館長あいさつ
2018年(平成30年)は、万葉以来の大歌人斎藤茂吉の業績が、多くの識者の熱意によって、生地上山に記念館として創設され五十周年の節目の年であった。それを記念し永年の懸案であったリニューアルエ事も立派に完成し、時代の要請にあった文学館として、どなたにもお出でいただけ、利用していただけ、しかも内容の充実した公益財団法人斎藤茂吉記念館として新たな出発をすることが出来た。
これを実現できたのも、地元先進の長年にわたる御努力、公私にわたる大勢の方々の文化芸術愛、斎藤茂吉尊敬の思いが実を結んでいるわけで、後進の一人として、先ず深く頭(こうべ)を垂れて感謝を申し上げる次第である。
茂吉は、多くのすぐれた人々に出会い、そうした人々から多くを咀嚼して大成している。茂吉が少年のころから尊敬した書家中林梧竹の真筆類、あるいは友人の画家平福百穂の作品など、茂吉関連資料も多く所蔵できている。つまり、表に出ていない資料も当館には極めて豊富である。新しい斎藤茂吉研究・茂吉論のために資料はここに整ったと言ってよい。広く活用され、とにかく茂吉が見られ、茂吉が語られ、そうして茂吉を究めて欲しいと願ってやまない。殊に若い歌人や学生に私はとりわけ期待している。

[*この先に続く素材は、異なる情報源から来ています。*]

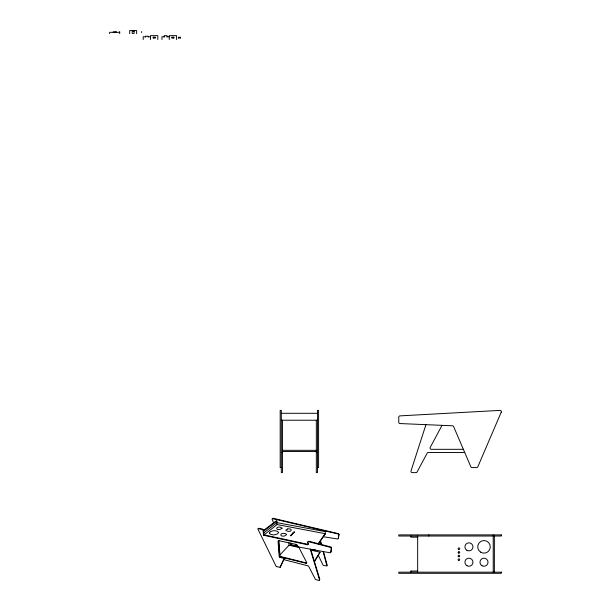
<?xml version="1.0" encoding="UTF-8"?>
<svg xmlns="http://www.w3.org/2000/svg" width="611" height="611" viewBox="0 0 611 611"><rect width="100%" height="100%" fill="white"/><g stroke="black" fill="none" stroke-linecap="round" stroke-linejoin="round"><path stroke-width="0.92" d="M307.906 541.957L308.242 541.537A0.855 0.855 0 0 1 309.105 541.315L330.589 546.906A1.107 1.107 0 0 1 331.506 548.006L331.116 551.718L330.452 552.688A1.039 1.039 0 0 1 329.818 552.756L298.061 546.898L297.114 545.065A1.191 1.191 0 0 0 296.32 544.447L278.494 540.598L279.586 556.17A1.138 1.138 0 0 0 280.411 556.965L306.455 563.357L306.699 562.517L298.695 547.013M310.991 550.175L320.057 552.222L314.482 561.692M325.075 534.396L325.273 531.623L276.951 522.657L263.822 532.838M306.768 562.922L306.768 562.868A0.848 0.848 0 0 1 306.203 562.922M331.215 548.464L330.772 552.397M338.357 538.299L338.746 534.931M338.945 534.572L338.288 538.543M425.943 424.66L410.997 470.966A1.26 1.26 0 0 0 412.196 472.616L416.007 472.616A1.26 1.26 0 0 0 417.114 471.944L427.173 453.133A1.26 1.26 0 0 1 428.288 452.461L464.711 452.461M283.817 559.645L307.952 565.817A1.191 1.191 0 0 1 308.708 566.412L315.261 579.098A1.191 1.191 0 0 0 316.009 579.671L318.835 580.45L319.553 579.976L310.228 549.144M323.479 551.588L327.16 564.999L326.877 565.878L323.112 551.519M284.191 558.454L280.121 567.268L284.566 558.019L284.191 558.454L280.021 557.4M295.38 545.684L296.022 544.378M295.51 545.715L296.144 544.401M319.507 580.137L319.797 579.236L310.701 549.228M442.028 425.348L430.205 447.458A1.26 1.26 0 0 0 431.313 449.314L463.359 449.314M314.352 561.272L320.057 552.222M280.121 567.268L276.691 566.657M318.606 543.775L325.098 534.029M318.186 543.668L325.121 533.663L277.089 524.566L263.601 535.251L263.051 530.539A1.184 1.184 0 0 0 262.195 529.554L258.537 528.591L257.911 529.088L275.966 566.053A1.169 1.169 0 0 0 276.691 566.657M326.877 565.878L323.685 565.503A1.016 1.016 0 0 1 323.005 564.984L318.43 555.582M315.406 550.282L310.808 549.564M279.907 554.971L289.018 545.233L288.919 542.812M338.975 534.572A0.955 0.955 0 0 0 338.166 533.609L272.865 518.227L272.04 519.228L273.636 522.825M263.624 531.089L276.836 521.03L277.089 524.566M263.547 530.455L276.172 520.908L276.836 521.03M258.102 528.698L259.011 528.248L262.661 529.195A1.176 1.176 0 0 1 263.501 530.195L264.059 534.892L307.539 544.264A0.886 0.886 0 0 0 308.143 544.195M294.655 532.257L294.639 531.952A0.978 0.978 0 0 0 293.815 531.952L293.784 532.296A1.001 1.001 0 0 0 294.578 532.28L294.578 532.296M272.269 518.586L337.967 533.938A0.962 0.962 0 0 1 338.769 534.931M292.692 533.036L292.669 533.411A1.008 1.008 0 0 0 293.463 533.395L293.494 533.036A1.008 1.008 0 0 0 292.7 533.052M278.532 540.582L278.058 541.224L279.196 556.59A1.146 1.146 0 0 0 280.029 557.385M287.682 528.943L285.742 530.195L287.789 531.356A6.209 6.209 0 0 0 289.202 531.333C291.691 531.585 291.959 528.645 289.331 528.882A6.171 6.171 0 0 0 287.682 528.943M113.287 32.314L109.659 32.314L109.659 33.697M116.059 32.314L119.687 32.314M145.8 36.782L143.203 36.782L143.203 39.555M148.236 36.782L150.505 36.782M164.558 36.782L161.961 36.782L161.961 39.555M167.002 36.782L169.27 36.782M153.262 37.279L155.049 37.279M172.027 37.279L173.814 37.279M178.267 37.279L180.558 37.279M153.262 37.928L155.049 37.928M172.027 37.928L173.814 37.928M178.519 37.928L180.306 37.928M281.312 413.296L317.46 413.296M281.312 420.223L317.46 420.223M282.45 450.322L316.322 450.322M282.45 451.453L316.322 451.453M281.312 452.461L282.45 452.461M316.322 452.461L317.46 452.461M281.312 467.575L280.182 467.575L280.182 410.386L281.312 410.386L281.312 472.616L282.45 472.616L282.45 420.223M317.46 467.575L318.591 467.575L318.591 410.416L317.46 410.386L317.46 472.616L316.322 472.616L316.322 420.223M417.664 537.161L410.936 537.161L410.936 536.023M410.997 571.033L417.664 571.033M323.44 536.764L337.394 538.94A0.81 0.81 0 0 0 338.402 538.306M263.601 535.251L307.203 544.684M297.702 546.203L291.539 544.829A0.947 0.947 0 0 1 290.783 543.973L290.76 543.217M313.863 549.816L314.986 550.06A0.855 0.855 0 0 0 315.299 550.076M291.226 545.172L297.947 546.685M289.018 545.233L298.924 547.464M306.195 562.93L280.793 556.552A1.146 1.146 0 0 1 280.006 555.827L278.891 540.605M330.33 547.364L308.776 541.72A0.81 0.81 0 0 0 307.73 542.69M307.799 542.675L308.12 543.744M320.301 541.315L321.165 544.447M320.554 540.949L321.546 544.546M290.424 543.141L290.469 544.317A0.947 0.947 0 0 0 291.226 545.149M494.36 536.023L494.36 572.171M493.222 534.892L493.222 572.171M428.792 534.892L428.792 536.023M417.664 536.023L417.664 572.171M410.936 571.033L410.936 572.171M180.306 37.279L180.306 38.18M178.519 37.279L178.519 38.18M176.571 39.555L176.571 35.652L169.27 35.652L169.27 39.555M173.814 37.027L173.814 38.18M172.027 37.027L172.027 38.18M167.002 37.034L167.002 35.652L164.229 35.652L164.229 37.034M157.814 39.555L157.814 35.652L150.505 35.652L150.505 39.555M155.049 37.027L155.049 38.18M153.262 37.027L153.262 38.18M148.236 37.034L148.236 36.217L145.471 36.217L145.471 37.034M141.637 31.543L141.637 32.612M136.627 33.697L136.627 30.55L129.708 30.55L129.708 33.697M119.687 31.543L119.687 33.697M330.322 547.41A1.115 1.115 0 0 1 331.254 548.464M308.181 543.729A0.787 0.787 0 0 1 307.203 544.707M292.516 534.335L292.333 534.541A1.008 1.008 0 0 1 291.523 534.541L291.554 534.167A1.008 1.008 0 0 1 292.364 534.167L292.516 534.335M269.405 532.907L270.337 534.251L273.277 534.877A9.997 9.997 0 0 0 275.156 534.717L277.463 533.915L278.471 532.807A0.955 0.955 0 0 0 278.433 532.181L277.188 531.165L274.614 530.715A10.005 10.005 0 0 0 272.804 530.86L270.536 531.616L269.405 532.907M291.363 535.488L291.218 535.687A1.008 1.008 0 0 1 290.355 535.702L290.393 535.32A1.008 1.008 0 0 1 291.21 535.32L291.363 535.488M286.521 534.64L284.459 536.038A6.255 6.255 0 0 1 282.962 536.13C280.365 536.542 279.937 533.418 282.694 533.472A6.209 6.209 0 0 1 284.428 533.411L285.971 533.869L286.521 534.64M282.068 528.194L280.075 529.432A6.293 6.293 0 0 1 278.669 529.508C276.195 529.897 275.973 527.064 278.517 527.163A6.225 6.225 0 0 1 280.151 527.11L282.068 528.194M501.241 412.142L477.81 466.812A1.26 1.26 0 0 1 476.649 467.575L472.013 467.575A1.26 1.26 0 0 1 470.86 466.812L453.606 426.554A1.26 1.26 0 0 0 452.499 425.791L399.976 423.553A1.26 1.26 0 0 1 398.769 422.293L398.769 417.137A1.26 1.26 0 0 1 399.961 415.877L500.012 410.386A1.26 1.26 0 0 1 501.241 412.142M134.114 31.276L132.213 31.276L132.213 33.414L134.114 33.414L134.114 31.276M116.059 31.749L113.287 31.749L113.287 32.566L116.059 32.566L116.059 31.749M501.341 534.892L398.769 534.892L398.769 536.023L501.341 536.023L501.341 534.892M501.28 572.171L398.769 572.171L398.769 573.301L501.28 573.301L501.341 572.171M458.51 560.348A0.787 0.787 0 0 0 459.693 559.668A0.787 0.787 0 0 0 458.51 558.989A0.787 0.787 0 0 0 458.51 560.348M458.51 556.697A0.787 0.787 0 0 0 459.693 556.018A0.787 0.787 0 0 0 458.51 555.338A0.787 0.787 0 0 0 458.51 556.697M458.464 553.016A0.787 0.787 0 0 0 459.693 552.42A0.787 0.787 0 0 0 458.563 551.657A0.787 0.787 0 0 0 458.464 553.016M458.51 549.396A0.787 0.787 0 0 0 459.693 548.716A0.787 0.787 0 0 0 458.51 548.029A0.787 0.787 0 0 0 458.51 549.396M466.934 565.71A4.033 4.033 0 0 0 472.975 562.219A4.033 4.033 0 0 0 466.934 558.729A4.033 4.033 0 0 0 466.934 565.71M466.934 550.343A4.033 4.033 0 0 0 472.975 546.853A4.033 4.033 0 0 0 466.934 543.362A4.033 4.033 0 0 0 466.934 550.343M481.98 565.71A4.033 4.033 0 0 0 488.029 562.219A4.033 4.033 0 0 0 481.98 558.729A4.033 4.033 0 0 0 481.98 565.71M480.467 552.069A6.293 6.293 0 0 0 490.282 547.303A6.293 6.293 0 0 0 481.247 541.193A6.293 6.293 0 0 0 480.467 552.069"/></g></svg>

今回前途洋々たる新スタートをすることができたのも知事さんを始め山形県の関係者、上山市長さんをはじめ、市の関係者。各種経済・産業・文化団体等の皆さん、短歌関係団体の皆さん、広く茂吉ファンの皆さん、報道関係の皆さん等々に、有形無形の御支援をいただいた。地元に根づき支えられている斎藤茂吉記念館であることを改めて肝に銘じ、記して感謝申し上げ活用を図る所存である。なお、当館をすでに退いている旧職員の皆さん、現職員の皆さんの努力にも敬意を表し、御挨拶とさせていただく。